Instructions to follow
Give back an exact copy of the entries beneath, minus the pictures.
+===+
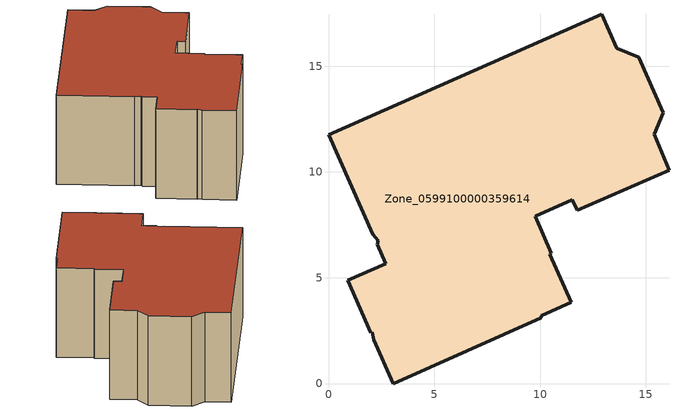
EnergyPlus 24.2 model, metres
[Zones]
Zone_0599100000359614
 floor ground (C_G): 10.06,3.21 10.06,3.1 3.05,0 2.14,2.07 2.07,2.43 2,2.4 0.91,4.88 2.71,5.67 2.3,6.59 2.35,6.74 2.09,7.05 0,11.76 12.92,17.45 13.63,15.84 14.66,15.43 15.82,12.81 15.39,11.78 16.1,10.09 11.75,8.18 11.52,8.69 9.77,7.92 10.54,6.15 10.45,6.11 11.48,3.83 z0
 wall outside (C_F): 15.82,12.81 14.66,15.43 13.63,15.84 12.92,17.45 0,11.76 2.09,7.05 2.35,6.74 2.3,6.59 2.71,5.67 0.91,4.88 2,2.4 2.07,2.43 2.14,2.07 3.05,0 10.06,3.1 10.06,3.21 11.48,3.83 10.45,6.11 10.54,6.15 9.77,7.92 11.52,8.69 11.75,8.18 16.1,10.09 15.39,11.78 15.82,12.81 z0:6.39
 roof outside (C_R): 2.14,2.07 3.05,0 10.06,3.1 10.06,3.21 11.48,3.83 10.45,6.11 10.54,6.15 9.77,7.92 11.52,8.69 11.75,8.18 16.1,10.09 15.39,11.78 15.82,12.81 14.66,15.43 13.63,15.84 12.92,17.45 0,11.76 2.09,7.05 2.35,6.74 2.3,6.59 2.71,5.67 0.91,4.88 2,2.4 2.07,2.43 z6.39
[BUILDING]
Pand.0599100000359614: North Axis=0; Terrain=City; Loads Convergence Tolerance Value=0.04; Temperature Convergence Tolerance Value=0.4; Solar Distribution=FullExterior; Maximum Number of Warmup Days=25; Minimum Number of Warmup Days=1
[Site:Location]
Rotterdam.The.Hague.AP_ZH_NLD Design_Conditions: Latitude=51.96; Longitude=4.45; Time Zone=1; Elevation=-4.5
[SITE:GROUNDTEMPERATURE:BUILDINGSURFACE]
18, 18, 18, 18, 18, 18, 18, 18, 18, 18, 18, 18
[MATERIAL] Thermal Absorptance=0.9; Solar Absorptance=0.7; Visible Absorptance=0.7
Name | Roughness | Thickness | Conductivity | Density | Specific Heat
G.D.1992-2005 | MediumSmooth | 0.15 | 0.06 | 540 | 1210
F.D.1992-2005 | Rough | 0.3 | 0.12 | 1920 | 840
R.D.1992-2005 | MediumRough | 0.2 | 0.08 | 1500 | 1000
[CONSTRUCTION]
C_G: G.D.1992-2005
C_F: F.D.1992-2005
C_R: R.D.1992-2005
[ZONE]
Zone_0599100000359614: Type=1; Multiplier=1; Ceiling Height=Autocalculate; Volume=Autocalculate; Floor Area=autocalculate; Part of Total Floor Area=Yes
[ZONEINFILTRATION:DESIGNFLOWRATE]
Infil_Zone_0599100000359614: Zone or ZoneList or Space or SpaceList=Zone_0599100000359614; Schedule=AlwaysOn; Design Flow Rate Calculation Method=Flow/Area; Flow Rate per Floor Area=0.0021; Constant Term Coefficient=1; Temperature Term Coefficient=0; Velocity Term Coefficient=0; Velocity Squared Term Coefficient=0
[HVACTEMPLATE:ZONE:IDEALLOADSAIRSYSTEM]
Zone_0599100000359614: Maximum Heating Supply Air Temperature=50; Minimum Cooling Supply Air Temperature=13; Maximum Heating Supply Air Humidity Ratio=0.0156; Minimum Cooling Supply Air Humidity Ratio=0.0077; Heating Limit=NoLimit; Cooling Limit=NoLimit; Dehumidification Control Type=ConstantSensibleHeatRatio; Cooling Sensible Heat Ratio=0.7; Dehumidification Setpoint=60; Humidification Control Type=None; Humidification Setpoint=30; Outdoor Air Method=None; Outdoor Air Flow Rate per Person=0.00944; Outdoor Air Flow Rate per Zone Floor Area=0; Outdoor Air Flow Rate per Zone=0; Demand Controlled Ventilation Type=None; Outdoor Air Economizer Type=NoEconomizer; Heat Recovery Type=None; Sensible Heat Recovery Effectiveness=0.7; Latent Heat Recovery Effectiveness=0.65
[ZONECONTROL:THERMOSTAT]
ThermostatControl_Zone_0599100000359614: Zone or ZoneList=Zone_0599100000359614; Control Type Schedule=DualSetpointControlType; Control 1=Thermostat_Zone_0599100000359614; Temperature Difference Between Cutout And Setpoint=0
[THERMOSTATSETPOINT:DUALSETPOINT]
Thermostat_Zone_0599100000359614: Heating Setpoint Temperature Schedule=HeatingSetpoint_Zone_0599100000359614; Cooling Setpoint Temperature Schedule=CoolingSetpoint_Zone_0599100000359614
[SCHEDULE:COMPACT]
HeatingSetpoint_Zone_0599100000359614: Through: 12/31, For: AllDays, Until: 24:00, 21
CoolingSetpoint_Zone_0599100000359614: Through: 12/31, For: AllDays, Until: 24:00, 24
DualSetpointControlType: Through: 12/31, For: AllDays, Until: 24:00, 4
AlwaysOn: Through: 12/31, For: AllDays, Until: 24:00, 1
+===+
Response area
EnergyPlus 24.2 model, metres
[Zones]
Zone_0599100000359614
 floor ground (C_G): 10.06,3.21 10.06,3.1 3.05,0 2.14,2.07 2.07,2.43 2,2.4 0.91,4.88 2.71,5.67 2.3,6.59 2.35,6.74 2.09,7.05 0,11.76 12.92,17.45 13.63,15.84 14.66,15.43 15.82,12.81 15.39,11.78 16.1,10.09 11.75,8.18 11.52,8.69 9.77,7.92 10.54,6.15 10.45,6.11 11.48,3.83 z0
 wall outside (C_F): 15.82,12.81 14.66,15.43 13.63,15.84 12.92,17.45 0,11.76 2.09,7.05 2.35,6.74 2.3,6.59 2.71,5.67 0.91,4.88 2,2.4 2.07,2.43 2.14,2.07 3.05,0 10.06,3.1 10.06,3.21 11.48,3.83 10.45,6.11 10.54,6.15 9.77,7.92 11.52,8.69 11.75,8.18 16.1,10.09 15.39,11.78 15.82,12.81 z0:6.39
 roof outside (C_R): 2.14,2.07 3.05,0 10.06,3.1 10.06,3.21 11.48,3.83 10.45,6.11 10.54,6.15 9.77,7.92 11.52,8.69 11.75,8.18 16.1,10.09 15.39,11.78 15.82,12.81 14.66,15.43 13.63,15.84 12.92,17.45 0,11.76 2.09,7.05 2.35,6.74 2.3,6.59 2.71,5.67 0.91,4.88 2,2.4 2.07,2.43 z6.39
[BUILDING]
Pand.0599100000359614: North Axis=0; Terrain=City; Loads Convergence Tolerance Value=0.04; Temperature Convergence Tolerance Value=0.4; Solar Distribution=FullExterior; Maximum Number of Warmup Days=25; Minimum Number of Warmup Days=1
[Site:Location]
Rotterdam.The.Hague.AP_ZH_NLD Design_Conditions: Latitude=51.96; Longitude=4.45; Time Zone=1; Elevation=-4.5
[SITE:GROUNDTEMPERATURE:BUILDINGSURFACE]
18, 18, 18, 18, 18, 18, 18, 18, 18, 18, 18, 18
[MATERIAL] Thermal Absorptance=0.9; Solar Absorptance=0.7; Visible Absorptance=0.7
Name | Roughness | Thickness | Conductivity | Density | Specific Heat
G.D.1992-2005 | MediumSmooth | 0.15 | 0.06 | 540 | 1210
F.D.1992-2005 | Rough | 0.3 | 0.12 | 1920 | 840
R.D.1992-2005 | MediumRough | 0.2 | 0.08 | 1500 | 1000
[CONSTRUCTION]
C_G: G.D.1992-2005
C_F: F.D.1992-2005
C_R: R.D.1992-2005
[ZONE]
Zone_0599100000359614: Type=1; Multiplier=1; Ceiling Height=Autocalculate; Volume=Autocalculate; Floor Area=autocalculate; Part of Total Floor Area=Yes
[ZONEINFILTRATION:DESIGNFLOWRATE]
Infil_Zone_0599100000359614: Zone or ZoneList or Space or SpaceList=Zone_0599100000359614; Schedule=AlwaysOn; Design Flow Rate Calculation Method=Flow/Area; Flow Rate per Floor Area=0.0021; Constant Term Coefficient=1; Temperature Term Coefficient=0; Velocity Term Coefficient=0; Velocity Squared Term Coefficient=0
[HVACTEMPLATE:ZONE:IDEALLOADSAIRSYSTEM]
Zone_0599100000359614: Maximum Heating Supply Air Temperature=50; Minimum Cooling Supply Air Temperature=13; Maximum Heating Supply Air Humidity Ratio=0.0156; Minimum Cooling Supply Air Humidity Ratio=0.0077; Heating Limit=NoLimit; Cooling Limit=NoLimit; Dehumidification Control Type=ConstantSensibleHeatRatio; Cooling Sensible Heat Ratio=0.7; Dehumidification Setpoint=60; Humidification Control Type=None; Humidification Setpoint=30; Outdoor Air Method=None; Outdoor Air Flow Rate per Person=0.00944; Outdoor Air Flow Rate per Zone Floor Area=0; Outdoor Air Flow Rate per Zone=0; Demand Controlled Ventilation Type=None; Outdoor Air Economizer Type=NoEconomizer; Heat Recovery Type=None; Sensible Heat Recovery Effectiveness=0.7; Latent Heat Recovery Effectiveness=0.65
[ZONECONTROL:THERMOSTAT]
ThermostatControl_Zone_0599100000359614: Zone or ZoneList=Zone_0599100000359614; Control Type Schedule=DualSetpointControlType; Control 1=Thermostat_Zone_0599100000359614; Temperature Difference Between Cutout And Setpoint=0
[THERMOSTATSETPOINT:DUALSETPOINT]
Thermostat_Zone_0599100000359614: Heating Setpoint Temperature Schedule=HeatingSetpoint_Zone_0599100000359614; Cooling Setpoint Temperature Schedule=CoolingSetpoint_Zone_0599100000359614
[SCHEDULE:COMPACT]
HeatingSetpoint_Zone_0599100000359614: Through: 12/31, For: AllDays, Until: 24:00, 21
CoolingSetpoint_Zone_0599100000359614: Through: 12/31, For: AllDays, Until: 24:00, 24
DualSetpointControlType: Through: 12/31, For: AllDays, Until: 24:00, 4
AlwaysOn: Through: 12/31, For: AllDays, Until: 24:00, 1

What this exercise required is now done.